> **Input data**:

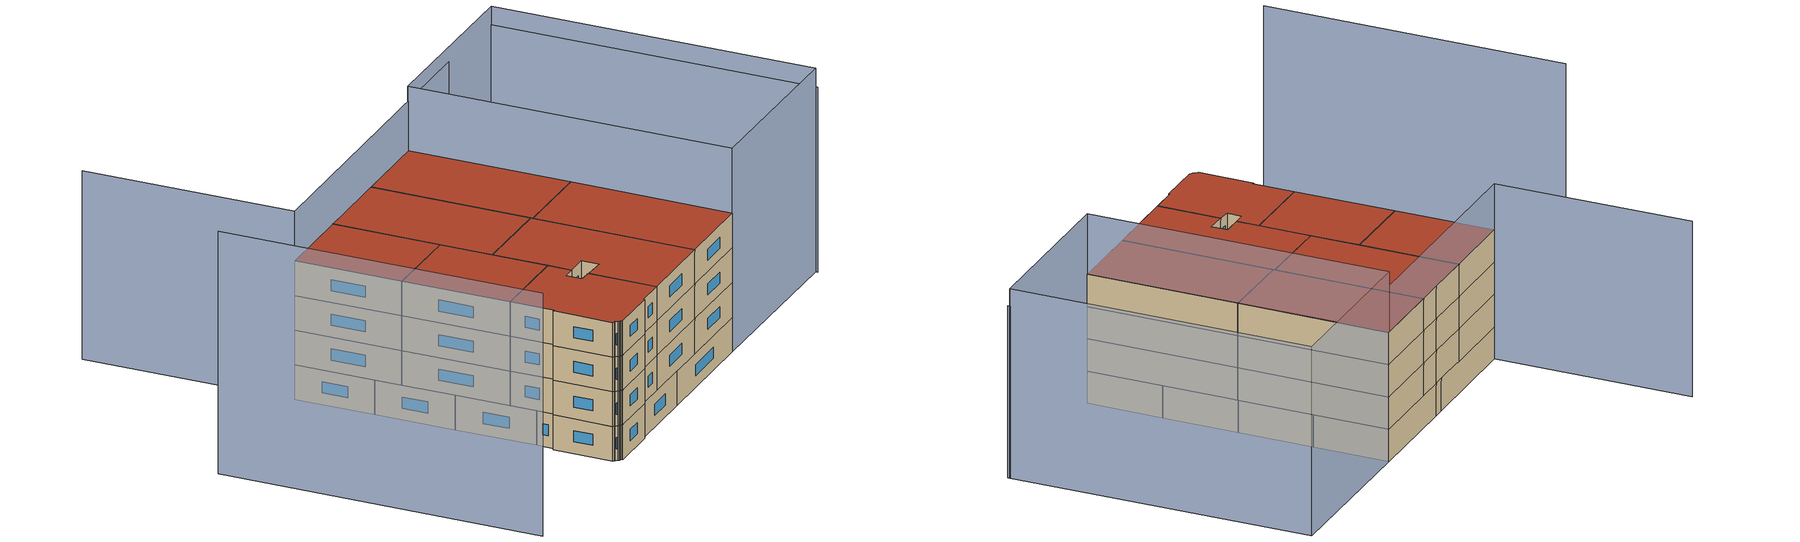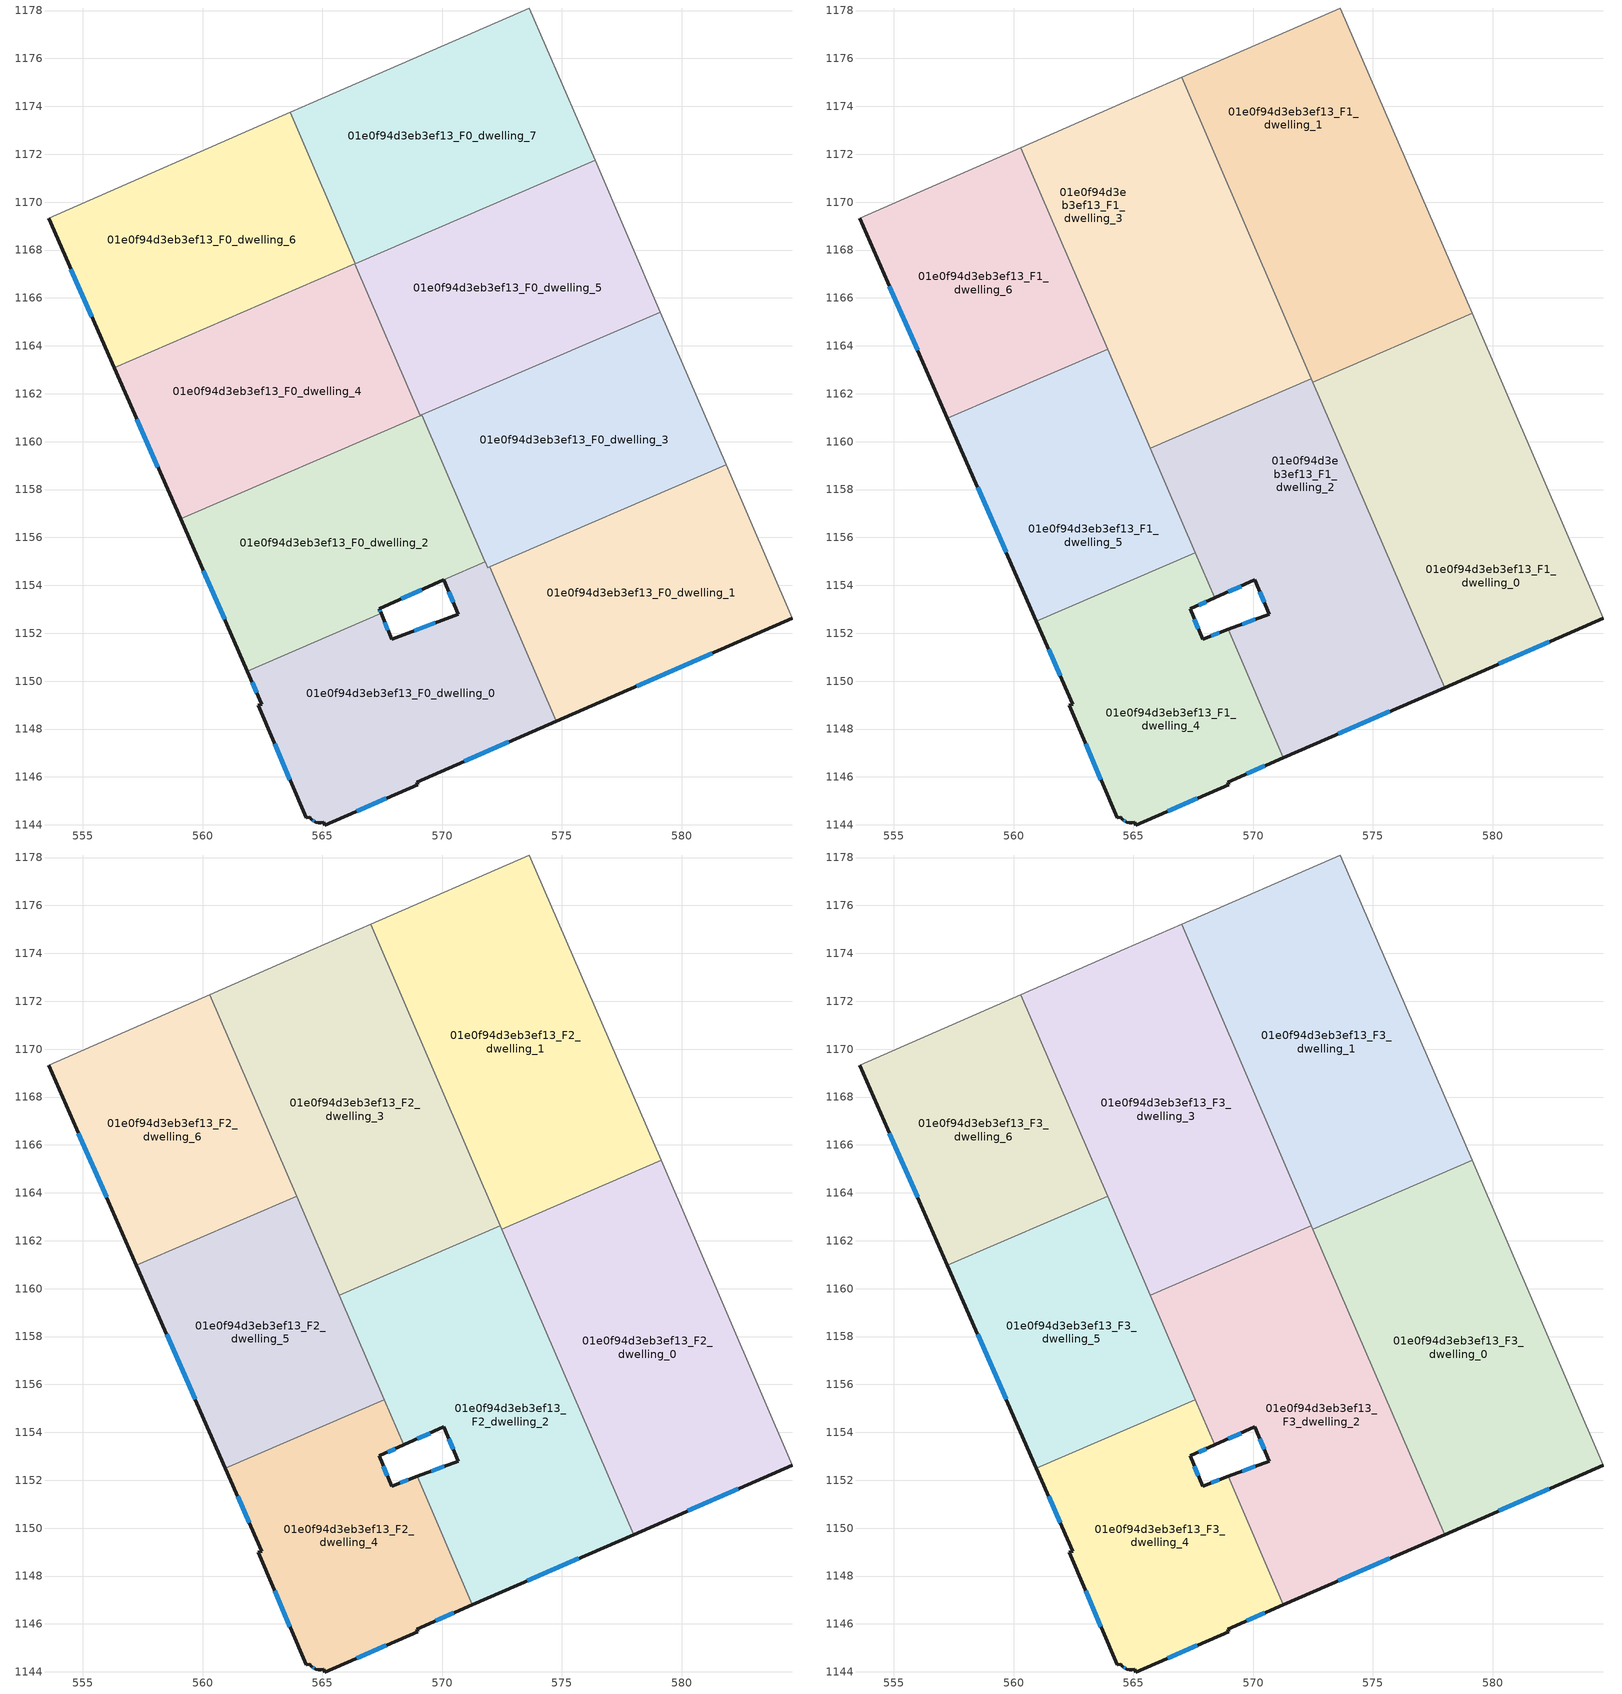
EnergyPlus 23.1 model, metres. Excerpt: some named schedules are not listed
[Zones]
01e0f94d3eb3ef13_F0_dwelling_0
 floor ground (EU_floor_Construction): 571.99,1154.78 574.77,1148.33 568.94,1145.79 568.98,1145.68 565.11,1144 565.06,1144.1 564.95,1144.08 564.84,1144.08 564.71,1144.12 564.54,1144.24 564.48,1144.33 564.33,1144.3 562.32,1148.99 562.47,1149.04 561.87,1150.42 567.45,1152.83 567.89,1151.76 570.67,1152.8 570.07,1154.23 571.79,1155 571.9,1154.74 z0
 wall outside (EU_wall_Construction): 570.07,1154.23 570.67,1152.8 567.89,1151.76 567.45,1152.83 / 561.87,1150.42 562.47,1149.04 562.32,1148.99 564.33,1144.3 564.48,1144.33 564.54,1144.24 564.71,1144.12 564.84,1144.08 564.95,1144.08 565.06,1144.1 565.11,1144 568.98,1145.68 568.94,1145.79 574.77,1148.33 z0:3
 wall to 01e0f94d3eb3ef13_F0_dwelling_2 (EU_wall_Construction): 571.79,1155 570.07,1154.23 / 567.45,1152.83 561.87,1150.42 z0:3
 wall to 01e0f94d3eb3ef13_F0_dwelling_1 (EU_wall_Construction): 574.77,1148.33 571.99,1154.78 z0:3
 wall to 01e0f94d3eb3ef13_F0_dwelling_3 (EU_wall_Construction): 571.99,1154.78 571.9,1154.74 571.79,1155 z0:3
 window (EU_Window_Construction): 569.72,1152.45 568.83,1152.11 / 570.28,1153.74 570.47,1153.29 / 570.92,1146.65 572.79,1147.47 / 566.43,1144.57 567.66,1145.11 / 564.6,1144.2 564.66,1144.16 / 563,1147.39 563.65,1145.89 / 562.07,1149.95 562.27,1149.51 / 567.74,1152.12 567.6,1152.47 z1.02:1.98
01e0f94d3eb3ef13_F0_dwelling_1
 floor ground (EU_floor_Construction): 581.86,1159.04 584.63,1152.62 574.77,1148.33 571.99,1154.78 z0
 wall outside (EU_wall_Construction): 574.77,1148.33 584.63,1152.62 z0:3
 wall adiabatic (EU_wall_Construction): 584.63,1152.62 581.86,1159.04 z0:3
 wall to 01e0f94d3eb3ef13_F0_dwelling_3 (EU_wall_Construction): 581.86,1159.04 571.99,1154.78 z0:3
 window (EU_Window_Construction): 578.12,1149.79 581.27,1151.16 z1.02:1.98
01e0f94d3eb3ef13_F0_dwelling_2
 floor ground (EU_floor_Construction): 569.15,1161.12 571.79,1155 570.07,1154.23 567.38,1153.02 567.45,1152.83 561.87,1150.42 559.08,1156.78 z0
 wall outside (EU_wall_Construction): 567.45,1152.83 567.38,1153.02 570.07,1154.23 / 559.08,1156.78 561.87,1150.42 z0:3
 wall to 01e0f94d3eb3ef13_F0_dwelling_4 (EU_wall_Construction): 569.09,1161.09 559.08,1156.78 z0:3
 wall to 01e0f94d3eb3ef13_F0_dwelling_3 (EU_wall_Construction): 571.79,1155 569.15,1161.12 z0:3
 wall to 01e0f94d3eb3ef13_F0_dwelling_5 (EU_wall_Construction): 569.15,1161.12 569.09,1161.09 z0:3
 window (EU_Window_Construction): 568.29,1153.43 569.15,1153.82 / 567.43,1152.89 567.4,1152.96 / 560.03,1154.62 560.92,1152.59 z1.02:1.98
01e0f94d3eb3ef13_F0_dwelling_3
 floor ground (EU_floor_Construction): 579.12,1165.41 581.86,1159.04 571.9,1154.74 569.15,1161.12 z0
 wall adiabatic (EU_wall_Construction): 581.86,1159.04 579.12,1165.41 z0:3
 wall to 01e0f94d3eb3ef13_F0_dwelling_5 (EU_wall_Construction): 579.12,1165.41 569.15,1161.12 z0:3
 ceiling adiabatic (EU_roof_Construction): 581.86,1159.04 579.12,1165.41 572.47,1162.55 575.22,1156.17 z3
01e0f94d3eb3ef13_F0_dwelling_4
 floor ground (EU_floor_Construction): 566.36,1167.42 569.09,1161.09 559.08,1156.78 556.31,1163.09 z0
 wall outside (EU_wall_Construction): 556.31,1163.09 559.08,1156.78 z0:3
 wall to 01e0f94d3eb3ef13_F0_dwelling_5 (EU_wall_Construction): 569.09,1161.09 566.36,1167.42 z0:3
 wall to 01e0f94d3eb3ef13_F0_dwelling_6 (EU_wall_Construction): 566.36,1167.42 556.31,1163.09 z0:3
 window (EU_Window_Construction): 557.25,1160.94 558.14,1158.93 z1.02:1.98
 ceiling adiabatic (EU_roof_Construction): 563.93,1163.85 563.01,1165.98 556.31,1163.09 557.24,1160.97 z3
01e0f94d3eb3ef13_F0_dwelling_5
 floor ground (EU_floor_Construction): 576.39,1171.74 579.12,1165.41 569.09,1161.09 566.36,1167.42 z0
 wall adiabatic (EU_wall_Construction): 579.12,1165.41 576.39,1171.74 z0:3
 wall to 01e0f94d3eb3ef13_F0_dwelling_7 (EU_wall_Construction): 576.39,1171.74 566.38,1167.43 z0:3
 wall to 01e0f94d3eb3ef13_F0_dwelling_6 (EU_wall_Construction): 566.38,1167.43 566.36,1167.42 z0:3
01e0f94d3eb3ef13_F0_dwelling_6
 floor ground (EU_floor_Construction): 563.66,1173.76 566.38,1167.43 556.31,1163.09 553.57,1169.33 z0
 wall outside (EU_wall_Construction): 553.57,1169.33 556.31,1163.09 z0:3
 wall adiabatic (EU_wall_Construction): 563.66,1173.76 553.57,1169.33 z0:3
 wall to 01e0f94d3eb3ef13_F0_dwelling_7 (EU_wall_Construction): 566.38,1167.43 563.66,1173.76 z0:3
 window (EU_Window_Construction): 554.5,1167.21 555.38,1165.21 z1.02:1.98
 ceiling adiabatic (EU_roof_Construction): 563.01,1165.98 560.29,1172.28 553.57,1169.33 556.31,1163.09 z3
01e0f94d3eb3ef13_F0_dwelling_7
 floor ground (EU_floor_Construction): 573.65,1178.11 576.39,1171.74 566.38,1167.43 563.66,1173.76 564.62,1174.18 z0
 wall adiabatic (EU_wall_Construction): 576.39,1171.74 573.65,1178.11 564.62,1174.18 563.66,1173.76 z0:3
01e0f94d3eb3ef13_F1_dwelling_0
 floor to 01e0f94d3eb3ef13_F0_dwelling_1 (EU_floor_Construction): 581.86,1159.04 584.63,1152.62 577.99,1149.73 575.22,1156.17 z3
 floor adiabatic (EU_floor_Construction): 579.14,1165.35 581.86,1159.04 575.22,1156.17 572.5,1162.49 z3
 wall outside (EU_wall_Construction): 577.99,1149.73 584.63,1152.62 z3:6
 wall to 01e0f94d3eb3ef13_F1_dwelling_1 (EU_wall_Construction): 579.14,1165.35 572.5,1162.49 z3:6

> **Task details**: Without including a single picture, restate all of the data word for word.

> **Answer**:
EnergyPlus 23.1 model, metres. Excerpt: some named schedules are not listed
[Zones]
01e0f94d3eb3ef13_F0_dwelling_0
 floor ground (EU_floor_Construction): 571.99,1154.78 574.77,1148.33 568.94,1145.79 568.98,1145.68 565.11,1144 565.06,1144.1 564.95,1144.08 564.84,1144.08 564.71,1144.12 564.54,1144.24 564.48,1144.33 564.33,1144.3 562.32,1148.99 562.47,1149.04 561.87,1150.42 567.45,1152.83 567.89,1151.76 570.67,1152.8 570.07,1154.23 571.79,1155 571.9,1154.74 z0
 wall outside (EU_wall_Construction): 570.07,1154.23 570.67,1152.8 567.89,1151.76 567.45,1152.83 / 561.87,1150.42 562.47,1149.04 562.32,1148.99 564.33,1144.3 564.48,1144.33 564.54,1144.24 564.71,1144.12 564.84,1144.08 564.95,1144.08 565.06,1144.1 565.11,1144 568.98,1145.68 568.94,1145.79 574.77,1148.33 z0:3
 wall to 01e0f94d3eb3ef13_F0_dwelling_2 (EU_wall_Construction): 571.79,1155 570.07,1154.23 / 567.45,1152.83 561.87,1150.42 z0:3
 wall to 01e0f94d3eb3ef13_F0_dwelling_1 (EU_wall_Construction): 574.77,1148.33 571.99,1154.78 z0:3
 wall to 01e0f94d3eb3ef13_F0_dwelling_3 (EU_wall_Construction): 571.99,1154.78 571.9,1154.74 571.79,1155 z0:3
 window (EU_Window_Construction): 569.72,1152.45 568.83,1152.11 / 570.28,1153.74 570.47,1153.29 / 570.92,1146.65 572.79,1147.47 / 566.43,1144.57 567.66,1145.11 / 564.6,1144.2 564.66,1144.16 / 563,1147.39 563.65,1145.89 / 562.07,1149.95 562.27,1149.51 / 567.74,1152.12 567.6,1152.47 z1.02:1.98
01e0f94d3eb3ef13_F0_dwelling_1
 floor ground (EU_floor_Construction): 581.86,1159.04 584.63,1152.62 574.77,1148.33 571.99,1154.78 z0
 wall outside (EU_wall_Construction): 574.77,1148.33 584.63,1152.62 z0:3
 wall adiabatic (EU_wall_Construction): 584.63,1152.62 581.86,1159.04 z0:3
 wall to 01e0f94d3eb3ef13_F0_dwelling_3 (EU_wall_Construction): 581.86,1159.04 571.99,1154.78 z0:3
 window (EU_Window_Construction): 578.12,1149.79 581.27,1151.16 z1.02:1.98
01e0f94d3eb3ef13_F0_dwelling_2
 floor ground (EU_floor_Construction): 569.15,1161.12 571.79,1155 570.07,1154.23 567.38,1153.02 567.45,1152.83 561.87,1150.42 559.08,1156.78 z0
 wall outside (EU_wall_Construction): 567.45,1152.83 567.38,1153.02 570.07,1154.23 / 559.08,1156.78 561.87,1150.42 z0:3
 wall to 01e0f94d3eb3ef13_F0_dwelling_4 (EU_wall_Construction): 569.09,1161.09 559.08,1156.78 z0:3
 wall to 01e0f94d3eb3ef13_F0_dwelling_3 (EU_wall_Construction): 571.79,1155 569.15,1161.12 z0:3
 wall to 01e0f94d3eb3ef13_F0_dwelling_5 (EU_wall_Construction): 569.15,1161.12 569.09,1161.09 z0:3
 window (EU_Window_Construction): 568.29,1153.43 569.15,1153.82 / 567.43,1152.89 567.4,1152.96 / 560.03,1154.62 560.92,1152.59 z1.02:1.98
01e0f94d3eb3ef13_F0_dwelling_3
 floor ground (EU_floor_Construction): 579.12,1165.41 581.86,1159.04 571.9,1154.74 569.15,1161.12 z0
 wall adiabatic (EU_wall_Construction): 581.86,1159.04 579.12,1165.41 z0:3
 wall to 01e0f94d3eb3ef13_F0_dwelling_5 (EU_wall_Construction): 579.12,1165.41 569.15,1161.12 z0:3
 ceiling adiabatic (EU_roof_Construction): 581.86,1159.04 579.12,1165.41 572.47,1162.55 575.22,1156.17 z3
01e0f94d3eb3ef13_F0_dwelling_4
 floor ground (EU_floor_Construction): 566.36,1167.42 569.09,1161.09 559.08,1156.78 556.31,1163.09 z0
 wall outside (EU_wall_Construction): 556.31,1163.09 559.08,1156.78 z0:3
 wall to 01e0f94d3eb3ef13_F0_dwelling_5 (EU_wall_Construction): 569.09,1161.09 566.36,1167.42 z0:3
 wall to 01e0f94d3eb3ef13_F0_dwelling_6 (EU_wall_Construction): 566.36,1167.42 556.31,1163.09 z0:3
 window (EU_Window_Construction): 557.25,1160.94 558.14,1158.93 z1.02:1.98
 ceiling adiabatic (EU_roof_Construction): 563.93,1163.85 563.01,1165.98 556.31,1163.09 557.24,1160.97 z3
01e0f94d3eb3ef13_F0_dwelling_5
 floor ground (EU_floor_Construction): 576.39,1171.74 579.12,1165.41 569.09,1161.09 566.36,1167.42 z0
 wall adiabatic (EU_wall_Construction): 579.12,1165.41 576.39,1171.74 z0:3
 wall to 01e0f94d3eb3ef13_F0_dwelling_7 (EU_wall_Construction): 576.39,1171.74 566.38,1167.43 z0:3
 wall to 01e0f94d3eb3ef13_F0_dwelling_6 (EU_wall_Construction): 566.38,1167.43 566.36,1167.42 z0:3
01e0f94d3eb3ef13_F0_dwelling_6
 floor ground (EU_floor_Construction): 563.66,1173.76 566.38,1167.43 556.31,1163.09 553.57,1169.33 z0
 wall outside (EU_wall_Construction): 553.57,1169.33 556.31,1163.09 z0:3
 wall adiabatic (EU_wall_Construction): 563.66,1173.76 553.57,1169.33 z0:3
 wall to 01e0f94d3eb3ef13_F0_dwelling_7 (EU_wall_Construction): 566.38,1167.43 563.66,1173.76 z0:3
 window (EU_Window_Construction): 554.5,1167.21 555.38,1165.21 z1.02:1.98
 ceiling adiabatic (EU_roof_Construction): 563.01,1165.98 560.29,1172.28 553.57,1169.33 556.31,1163.09 z3
01e0f94d3eb3ef13_F0_dwelling_7
 floor ground (EU_floor_Construction): 573.65,1178.11 576.39,1171.74 566.38,1167.43 563.66,1173.76 564.62,1174.18 z0
 wall adiabatic (EU_wall_Construction): 576.39,1171.74 573.65,1178.11 564.62,1174.18 563.66,1173.76 z0:3
01e0f94d3eb3ef13_F1_dwelling_0
 floor to 01e0f94d3eb3ef13_F0_dwelling_1 (EU_floor_Construction): 581.86,1159.04 584.63,1152.62 577.99,1149.73 575.22,1156.17 z3
 floor adiabatic (EU_floor_Construction): 579.14,1165.35 581.86,1159.04 575.22,1156.17 572.5,1162.49 z3
 wall outside (EU_wall_Construction): 577.99,1149.73 584.63,1152.62 z3:6
 wall to 01e0f94d3eb3ef13_F1_dwelling_1 (EU_wall_Construction): 579.14,1165.35 572.5,1162.49 z3:6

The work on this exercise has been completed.